**YOUR GOAL:** Reproduce, character for character, the lines below from the first through the one with "Zone 'Mech_ZN_1_FLR_1 ZN'". Leave pictures out.

#####

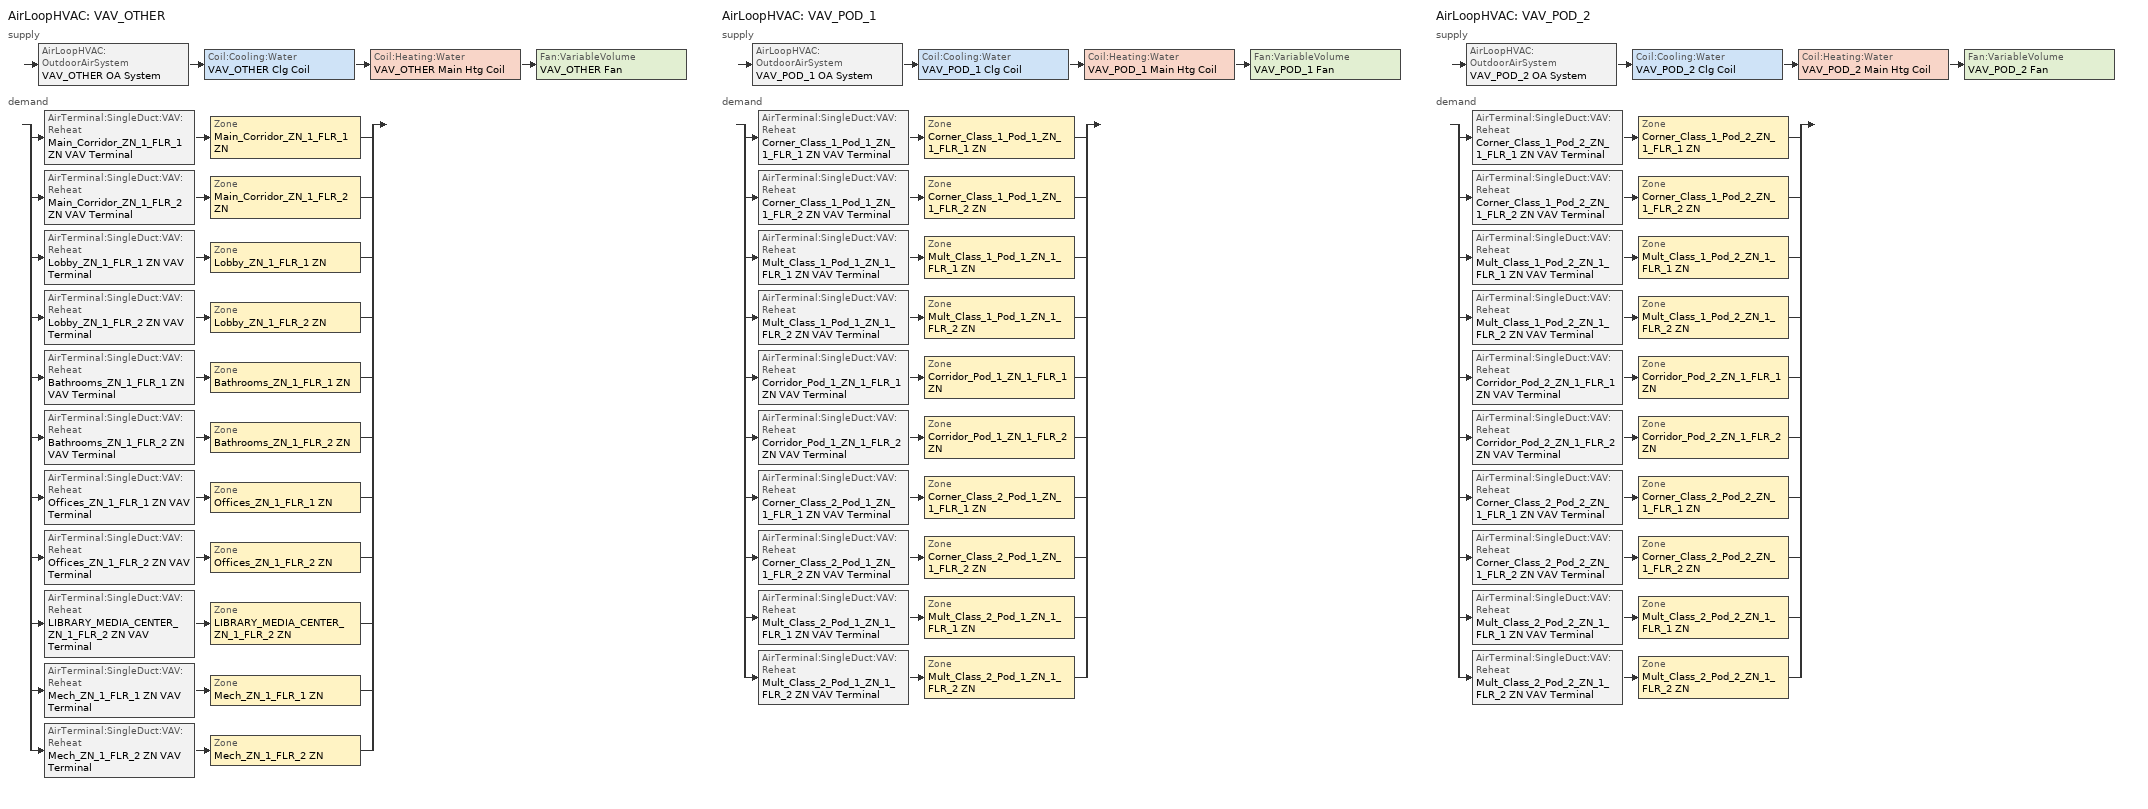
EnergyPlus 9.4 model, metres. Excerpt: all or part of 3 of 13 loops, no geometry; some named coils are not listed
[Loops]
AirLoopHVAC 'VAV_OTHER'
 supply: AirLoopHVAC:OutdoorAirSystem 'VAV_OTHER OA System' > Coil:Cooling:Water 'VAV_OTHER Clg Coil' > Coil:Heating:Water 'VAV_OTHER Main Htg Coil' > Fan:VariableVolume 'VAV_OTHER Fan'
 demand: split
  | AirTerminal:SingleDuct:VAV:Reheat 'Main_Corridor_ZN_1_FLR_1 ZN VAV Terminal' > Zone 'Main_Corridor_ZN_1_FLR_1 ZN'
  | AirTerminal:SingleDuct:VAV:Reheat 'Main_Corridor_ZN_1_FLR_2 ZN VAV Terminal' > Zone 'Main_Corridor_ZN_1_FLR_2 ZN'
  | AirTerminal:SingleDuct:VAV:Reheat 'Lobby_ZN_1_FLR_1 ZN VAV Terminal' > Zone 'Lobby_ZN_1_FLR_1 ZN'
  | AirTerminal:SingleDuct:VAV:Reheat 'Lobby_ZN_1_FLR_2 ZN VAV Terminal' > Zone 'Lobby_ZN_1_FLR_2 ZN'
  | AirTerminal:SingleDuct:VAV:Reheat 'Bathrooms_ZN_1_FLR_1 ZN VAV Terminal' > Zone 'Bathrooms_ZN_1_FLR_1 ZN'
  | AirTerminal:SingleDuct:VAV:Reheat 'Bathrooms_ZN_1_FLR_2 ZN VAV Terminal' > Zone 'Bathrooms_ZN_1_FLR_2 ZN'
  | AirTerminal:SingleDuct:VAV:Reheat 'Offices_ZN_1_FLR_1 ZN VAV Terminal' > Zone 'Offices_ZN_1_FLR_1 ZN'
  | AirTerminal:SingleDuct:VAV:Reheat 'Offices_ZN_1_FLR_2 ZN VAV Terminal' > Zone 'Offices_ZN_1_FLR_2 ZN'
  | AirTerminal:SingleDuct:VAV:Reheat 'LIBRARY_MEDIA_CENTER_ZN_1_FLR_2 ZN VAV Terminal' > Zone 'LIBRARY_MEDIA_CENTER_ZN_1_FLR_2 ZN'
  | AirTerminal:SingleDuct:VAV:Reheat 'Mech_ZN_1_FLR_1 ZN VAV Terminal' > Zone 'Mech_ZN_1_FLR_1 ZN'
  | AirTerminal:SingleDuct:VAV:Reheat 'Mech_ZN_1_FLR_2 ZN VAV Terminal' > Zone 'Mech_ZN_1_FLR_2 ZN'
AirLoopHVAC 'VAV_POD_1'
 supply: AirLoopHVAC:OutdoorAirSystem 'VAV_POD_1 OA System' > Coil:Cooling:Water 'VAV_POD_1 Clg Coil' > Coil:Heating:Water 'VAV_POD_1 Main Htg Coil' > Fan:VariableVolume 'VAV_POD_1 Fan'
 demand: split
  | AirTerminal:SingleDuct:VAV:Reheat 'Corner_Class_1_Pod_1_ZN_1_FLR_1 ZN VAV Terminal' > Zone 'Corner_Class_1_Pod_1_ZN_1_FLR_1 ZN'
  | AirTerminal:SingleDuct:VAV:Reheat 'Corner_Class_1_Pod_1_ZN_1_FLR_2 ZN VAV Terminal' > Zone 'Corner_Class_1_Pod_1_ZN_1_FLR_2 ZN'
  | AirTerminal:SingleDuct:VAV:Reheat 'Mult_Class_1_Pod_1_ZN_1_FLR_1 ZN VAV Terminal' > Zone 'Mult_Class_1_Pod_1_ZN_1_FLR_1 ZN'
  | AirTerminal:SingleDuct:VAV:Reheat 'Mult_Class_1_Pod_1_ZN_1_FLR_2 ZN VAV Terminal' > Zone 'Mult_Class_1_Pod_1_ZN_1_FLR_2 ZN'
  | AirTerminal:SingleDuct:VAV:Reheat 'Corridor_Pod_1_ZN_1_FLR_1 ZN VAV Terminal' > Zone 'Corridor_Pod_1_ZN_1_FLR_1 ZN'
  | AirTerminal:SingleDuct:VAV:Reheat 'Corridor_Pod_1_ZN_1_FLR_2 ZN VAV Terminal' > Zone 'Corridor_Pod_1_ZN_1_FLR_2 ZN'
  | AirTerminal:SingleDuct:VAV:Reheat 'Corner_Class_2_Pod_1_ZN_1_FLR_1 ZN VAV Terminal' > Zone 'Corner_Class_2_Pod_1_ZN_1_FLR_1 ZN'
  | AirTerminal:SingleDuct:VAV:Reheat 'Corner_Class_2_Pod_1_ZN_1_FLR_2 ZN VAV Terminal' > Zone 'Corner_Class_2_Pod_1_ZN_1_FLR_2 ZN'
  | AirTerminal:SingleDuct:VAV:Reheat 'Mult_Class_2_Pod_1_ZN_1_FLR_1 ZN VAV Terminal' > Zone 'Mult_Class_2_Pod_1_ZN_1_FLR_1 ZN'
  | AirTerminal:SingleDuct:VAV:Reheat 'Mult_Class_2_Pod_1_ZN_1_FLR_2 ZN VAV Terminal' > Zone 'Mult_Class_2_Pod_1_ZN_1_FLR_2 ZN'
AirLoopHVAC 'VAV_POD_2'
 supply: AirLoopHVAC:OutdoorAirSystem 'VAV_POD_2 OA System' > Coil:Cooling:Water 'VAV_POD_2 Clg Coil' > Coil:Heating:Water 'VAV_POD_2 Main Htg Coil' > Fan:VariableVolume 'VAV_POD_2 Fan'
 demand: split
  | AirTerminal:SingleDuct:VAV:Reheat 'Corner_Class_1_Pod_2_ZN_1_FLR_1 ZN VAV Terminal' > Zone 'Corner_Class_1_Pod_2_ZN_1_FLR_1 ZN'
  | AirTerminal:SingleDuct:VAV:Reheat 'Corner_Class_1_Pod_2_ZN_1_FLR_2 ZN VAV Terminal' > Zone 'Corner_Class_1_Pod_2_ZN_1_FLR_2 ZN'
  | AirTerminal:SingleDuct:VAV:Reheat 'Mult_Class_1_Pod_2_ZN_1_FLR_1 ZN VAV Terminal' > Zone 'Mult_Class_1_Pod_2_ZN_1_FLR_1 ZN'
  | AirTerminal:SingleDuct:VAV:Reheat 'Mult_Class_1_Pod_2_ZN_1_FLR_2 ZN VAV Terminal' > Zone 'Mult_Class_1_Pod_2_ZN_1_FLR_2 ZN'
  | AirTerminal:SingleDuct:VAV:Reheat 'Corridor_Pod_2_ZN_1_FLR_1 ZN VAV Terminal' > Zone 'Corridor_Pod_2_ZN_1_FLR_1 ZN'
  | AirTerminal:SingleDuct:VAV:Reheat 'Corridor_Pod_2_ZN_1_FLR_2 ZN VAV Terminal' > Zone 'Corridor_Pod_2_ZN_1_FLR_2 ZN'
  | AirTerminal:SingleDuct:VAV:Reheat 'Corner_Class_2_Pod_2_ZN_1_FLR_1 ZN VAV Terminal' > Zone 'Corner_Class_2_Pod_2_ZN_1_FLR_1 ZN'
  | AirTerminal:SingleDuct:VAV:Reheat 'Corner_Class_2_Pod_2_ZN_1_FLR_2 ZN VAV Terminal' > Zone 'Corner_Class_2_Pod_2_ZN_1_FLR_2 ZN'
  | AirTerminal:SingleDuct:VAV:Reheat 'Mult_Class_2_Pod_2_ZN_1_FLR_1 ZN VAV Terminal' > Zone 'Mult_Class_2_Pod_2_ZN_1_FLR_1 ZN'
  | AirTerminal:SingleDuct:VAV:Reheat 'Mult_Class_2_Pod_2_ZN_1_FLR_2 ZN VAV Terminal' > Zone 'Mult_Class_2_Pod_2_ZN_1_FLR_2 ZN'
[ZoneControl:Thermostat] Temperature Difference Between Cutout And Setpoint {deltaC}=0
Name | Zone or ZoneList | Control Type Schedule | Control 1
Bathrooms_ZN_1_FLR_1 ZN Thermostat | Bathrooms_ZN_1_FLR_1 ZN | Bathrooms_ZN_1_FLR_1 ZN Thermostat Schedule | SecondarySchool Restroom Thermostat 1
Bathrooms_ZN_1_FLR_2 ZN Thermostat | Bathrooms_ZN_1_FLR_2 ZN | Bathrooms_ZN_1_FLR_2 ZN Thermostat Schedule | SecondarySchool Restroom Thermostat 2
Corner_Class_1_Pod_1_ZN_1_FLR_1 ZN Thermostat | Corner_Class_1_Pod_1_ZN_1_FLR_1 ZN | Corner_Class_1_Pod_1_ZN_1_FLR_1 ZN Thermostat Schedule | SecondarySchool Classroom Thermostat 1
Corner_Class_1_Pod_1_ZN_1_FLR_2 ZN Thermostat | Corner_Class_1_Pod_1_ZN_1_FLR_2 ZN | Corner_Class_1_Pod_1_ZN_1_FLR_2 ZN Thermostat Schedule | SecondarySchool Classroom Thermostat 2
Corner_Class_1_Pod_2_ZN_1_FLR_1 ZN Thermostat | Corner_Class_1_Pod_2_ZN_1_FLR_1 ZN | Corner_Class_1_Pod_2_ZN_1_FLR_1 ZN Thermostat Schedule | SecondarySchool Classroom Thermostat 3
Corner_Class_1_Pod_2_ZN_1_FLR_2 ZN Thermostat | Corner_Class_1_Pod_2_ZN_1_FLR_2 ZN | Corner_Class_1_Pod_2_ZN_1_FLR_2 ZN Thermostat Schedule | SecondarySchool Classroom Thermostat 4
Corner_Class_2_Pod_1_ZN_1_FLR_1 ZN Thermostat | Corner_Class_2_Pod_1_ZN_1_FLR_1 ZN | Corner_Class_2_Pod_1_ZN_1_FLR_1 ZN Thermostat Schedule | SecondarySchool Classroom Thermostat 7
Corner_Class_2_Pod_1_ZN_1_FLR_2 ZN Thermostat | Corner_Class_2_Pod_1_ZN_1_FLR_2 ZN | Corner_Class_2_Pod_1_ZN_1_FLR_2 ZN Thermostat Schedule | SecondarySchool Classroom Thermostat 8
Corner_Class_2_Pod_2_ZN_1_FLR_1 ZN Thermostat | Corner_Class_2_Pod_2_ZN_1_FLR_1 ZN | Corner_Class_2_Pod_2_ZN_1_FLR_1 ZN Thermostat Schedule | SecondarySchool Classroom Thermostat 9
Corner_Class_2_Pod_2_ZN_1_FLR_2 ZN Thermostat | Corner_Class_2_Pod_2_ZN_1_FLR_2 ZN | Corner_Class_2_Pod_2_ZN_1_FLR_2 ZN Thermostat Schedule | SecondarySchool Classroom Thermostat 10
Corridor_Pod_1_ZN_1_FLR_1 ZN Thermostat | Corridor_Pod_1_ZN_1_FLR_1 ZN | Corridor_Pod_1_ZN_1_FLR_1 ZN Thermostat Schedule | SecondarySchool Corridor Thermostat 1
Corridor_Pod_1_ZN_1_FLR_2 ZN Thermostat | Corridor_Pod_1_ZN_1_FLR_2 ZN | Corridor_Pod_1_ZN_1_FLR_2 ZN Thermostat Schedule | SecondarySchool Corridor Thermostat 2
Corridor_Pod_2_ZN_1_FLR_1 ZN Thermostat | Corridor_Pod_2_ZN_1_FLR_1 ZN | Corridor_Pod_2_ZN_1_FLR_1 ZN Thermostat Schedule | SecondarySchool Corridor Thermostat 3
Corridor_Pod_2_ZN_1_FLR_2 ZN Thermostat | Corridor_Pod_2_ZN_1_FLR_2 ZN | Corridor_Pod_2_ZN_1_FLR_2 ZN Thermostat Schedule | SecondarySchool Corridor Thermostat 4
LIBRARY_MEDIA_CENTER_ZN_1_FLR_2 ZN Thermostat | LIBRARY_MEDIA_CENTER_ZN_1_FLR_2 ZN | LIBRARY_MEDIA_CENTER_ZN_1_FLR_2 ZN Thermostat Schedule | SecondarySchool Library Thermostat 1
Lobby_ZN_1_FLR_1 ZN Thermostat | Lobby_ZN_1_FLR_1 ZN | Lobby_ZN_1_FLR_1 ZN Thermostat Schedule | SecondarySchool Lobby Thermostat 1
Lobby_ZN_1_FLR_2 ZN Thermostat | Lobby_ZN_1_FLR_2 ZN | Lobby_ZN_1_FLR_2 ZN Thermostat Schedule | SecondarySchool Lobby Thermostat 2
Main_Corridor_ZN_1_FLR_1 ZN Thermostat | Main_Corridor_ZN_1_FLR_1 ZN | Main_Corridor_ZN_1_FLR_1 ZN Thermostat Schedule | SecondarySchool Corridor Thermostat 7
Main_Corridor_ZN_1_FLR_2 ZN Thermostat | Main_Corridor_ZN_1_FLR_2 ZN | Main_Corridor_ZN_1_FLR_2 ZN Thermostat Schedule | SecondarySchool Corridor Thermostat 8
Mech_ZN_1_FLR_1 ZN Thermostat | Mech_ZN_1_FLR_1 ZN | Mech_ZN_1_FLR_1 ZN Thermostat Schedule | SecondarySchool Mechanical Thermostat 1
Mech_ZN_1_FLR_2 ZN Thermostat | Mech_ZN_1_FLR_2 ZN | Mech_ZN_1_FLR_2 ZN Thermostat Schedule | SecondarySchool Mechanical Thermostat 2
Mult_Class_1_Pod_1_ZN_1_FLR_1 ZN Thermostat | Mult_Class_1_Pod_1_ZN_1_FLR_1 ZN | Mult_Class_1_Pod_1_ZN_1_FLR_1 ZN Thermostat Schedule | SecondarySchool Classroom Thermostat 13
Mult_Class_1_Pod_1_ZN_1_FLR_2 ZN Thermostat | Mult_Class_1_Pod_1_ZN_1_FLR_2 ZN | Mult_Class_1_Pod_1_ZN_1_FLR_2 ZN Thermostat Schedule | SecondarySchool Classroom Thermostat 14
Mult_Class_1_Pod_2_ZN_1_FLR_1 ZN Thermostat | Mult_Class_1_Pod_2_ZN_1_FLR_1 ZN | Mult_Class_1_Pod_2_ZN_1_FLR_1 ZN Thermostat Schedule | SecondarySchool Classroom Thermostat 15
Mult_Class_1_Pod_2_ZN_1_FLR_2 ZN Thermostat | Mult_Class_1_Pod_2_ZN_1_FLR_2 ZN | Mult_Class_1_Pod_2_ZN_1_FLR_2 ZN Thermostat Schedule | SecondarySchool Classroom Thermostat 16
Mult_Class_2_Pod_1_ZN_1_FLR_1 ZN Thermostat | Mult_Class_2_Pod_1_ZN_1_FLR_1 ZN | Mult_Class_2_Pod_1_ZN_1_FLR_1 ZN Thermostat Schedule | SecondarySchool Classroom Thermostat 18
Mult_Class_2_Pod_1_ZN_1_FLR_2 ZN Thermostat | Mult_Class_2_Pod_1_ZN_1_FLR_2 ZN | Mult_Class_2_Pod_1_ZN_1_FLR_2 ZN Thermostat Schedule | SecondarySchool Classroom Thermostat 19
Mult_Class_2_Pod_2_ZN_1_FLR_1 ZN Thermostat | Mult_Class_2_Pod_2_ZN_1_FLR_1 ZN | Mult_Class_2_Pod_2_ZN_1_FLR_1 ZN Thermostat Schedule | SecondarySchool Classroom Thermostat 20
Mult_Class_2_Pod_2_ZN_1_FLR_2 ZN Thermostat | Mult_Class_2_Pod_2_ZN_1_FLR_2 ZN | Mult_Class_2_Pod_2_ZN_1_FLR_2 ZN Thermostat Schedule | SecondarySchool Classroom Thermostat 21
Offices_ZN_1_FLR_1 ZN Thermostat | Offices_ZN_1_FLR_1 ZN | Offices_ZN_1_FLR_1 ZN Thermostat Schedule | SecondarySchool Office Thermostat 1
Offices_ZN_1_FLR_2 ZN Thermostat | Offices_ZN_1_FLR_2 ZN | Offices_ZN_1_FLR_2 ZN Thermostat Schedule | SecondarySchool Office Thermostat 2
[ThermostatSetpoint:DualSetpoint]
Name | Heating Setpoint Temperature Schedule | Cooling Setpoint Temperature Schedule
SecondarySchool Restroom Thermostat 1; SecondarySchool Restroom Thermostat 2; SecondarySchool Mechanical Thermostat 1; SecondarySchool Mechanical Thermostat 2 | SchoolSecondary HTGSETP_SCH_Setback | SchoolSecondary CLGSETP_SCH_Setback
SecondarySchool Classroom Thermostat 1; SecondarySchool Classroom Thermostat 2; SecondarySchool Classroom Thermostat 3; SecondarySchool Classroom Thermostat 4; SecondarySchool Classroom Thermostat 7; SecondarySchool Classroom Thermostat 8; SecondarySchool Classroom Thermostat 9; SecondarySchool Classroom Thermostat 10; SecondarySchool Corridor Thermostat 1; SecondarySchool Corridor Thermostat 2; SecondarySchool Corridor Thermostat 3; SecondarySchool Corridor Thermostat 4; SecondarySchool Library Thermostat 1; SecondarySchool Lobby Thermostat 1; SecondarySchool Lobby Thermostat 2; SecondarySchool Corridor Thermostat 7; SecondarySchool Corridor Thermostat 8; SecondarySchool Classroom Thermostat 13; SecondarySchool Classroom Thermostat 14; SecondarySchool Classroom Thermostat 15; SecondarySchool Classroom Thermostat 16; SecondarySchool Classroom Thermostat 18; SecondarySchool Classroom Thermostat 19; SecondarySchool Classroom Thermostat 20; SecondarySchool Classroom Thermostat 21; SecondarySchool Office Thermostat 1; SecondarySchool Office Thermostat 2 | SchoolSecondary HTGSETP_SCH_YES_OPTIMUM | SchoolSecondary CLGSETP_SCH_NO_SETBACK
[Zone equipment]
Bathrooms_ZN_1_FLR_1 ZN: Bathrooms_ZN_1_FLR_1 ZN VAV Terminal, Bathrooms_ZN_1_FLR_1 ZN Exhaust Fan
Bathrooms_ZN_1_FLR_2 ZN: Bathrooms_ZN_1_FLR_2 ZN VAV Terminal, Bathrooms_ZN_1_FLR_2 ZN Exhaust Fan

#####

**RESULT BELOW:**
EnergyPlus 9.4 model, metres. Excerpt: all or part of 3 of 13 loops, no geometry; some named coils are not listed
[Loops]
AirLoopHVAC 'VAV_OTHER'
 supply: AirLoopHVAC:OutdoorAirSystem 'VAV_OTHER OA System' > Coil:Cooling:Water 'VAV_OTHER Clg Coil' > Coil:Heating:Water 'VAV_OTHER Main Htg Coil' > Fan:VariableVolume 'VAV_OTHER Fan'
 demand: split
  | AirTerminal:SingleDuct:VAV:Reheat 'Main_Corridor_ZN_1_FLR_1 ZN VAV Terminal' > Zone 'Main_Corridor_ZN_1_FLR_1 ZN'
  | AirTerminal:SingleDuct:VAV:Reheat 'Main_Corridor_ZN_1_FLR_2 ZN VAV Terminal' > Zone 'Main_Corridor_ZN_1_FLR_2 ZN'
  | AirTerminal:SingleDuct:VAV:Reheat 'Lobby_ZN_1_FLR_1 ZN VAV Terminal' > Zone 'Lobby_ZN_1_FLR_1 ZN'
  | AirTerminal:SingleDuct:VAV:Reheat 'Lobby_ZN_1_FLR_2 ZN VAV Terminal' > Zone 'Lobby_ZN_1_FLR_2 ZN'
  | AirTerminal:SingleDuct:VAV:Reheat 'Bathrooms_ZN_1_FLR_1 ZN VAV Terminal' > Zone 'Bathrooms_ZN_1_FLR_1 ZN'
  | AirTerminal:SingleDuct:VAV:Reheat 'Bathrooms_ZN_1_FLR_2 ZN VAV Terminal' > Zone 'Bathrooms_ZN_1_FLR_2 ZN'
  | AirTerminal:SingleDuct:VAV:Reheat 'Offices_ZN_1_FLR_1 ZN VAV Terminal' > Zone 'Offices_ZN_1_FLR_1 ZN'
  | AirTerminal:SingleDuct:VAV:Reheat 'Offices_ZN_1_FLR_2 ZN VAV Terminal' > Zone 'Offices_ZN_1_FLR_2 ZN'
  | AirTerminal:SingleDuct:VAV:Reheat 'LIBRARY_MEDIA_CENTER_ZN_1_FLR_2 ZN VAV Terminal' > Zone 'LIBRARY_MEDIA_CENTER_ZN_1_FLR_2 ZN'
  | AirTerminal:SingleDuct:VAV:Reheat 'Mech_ZN_1_FLR_1 ZN VAV Terminal' > Zone 'Mech_ZN_1_FLR_1 ZN'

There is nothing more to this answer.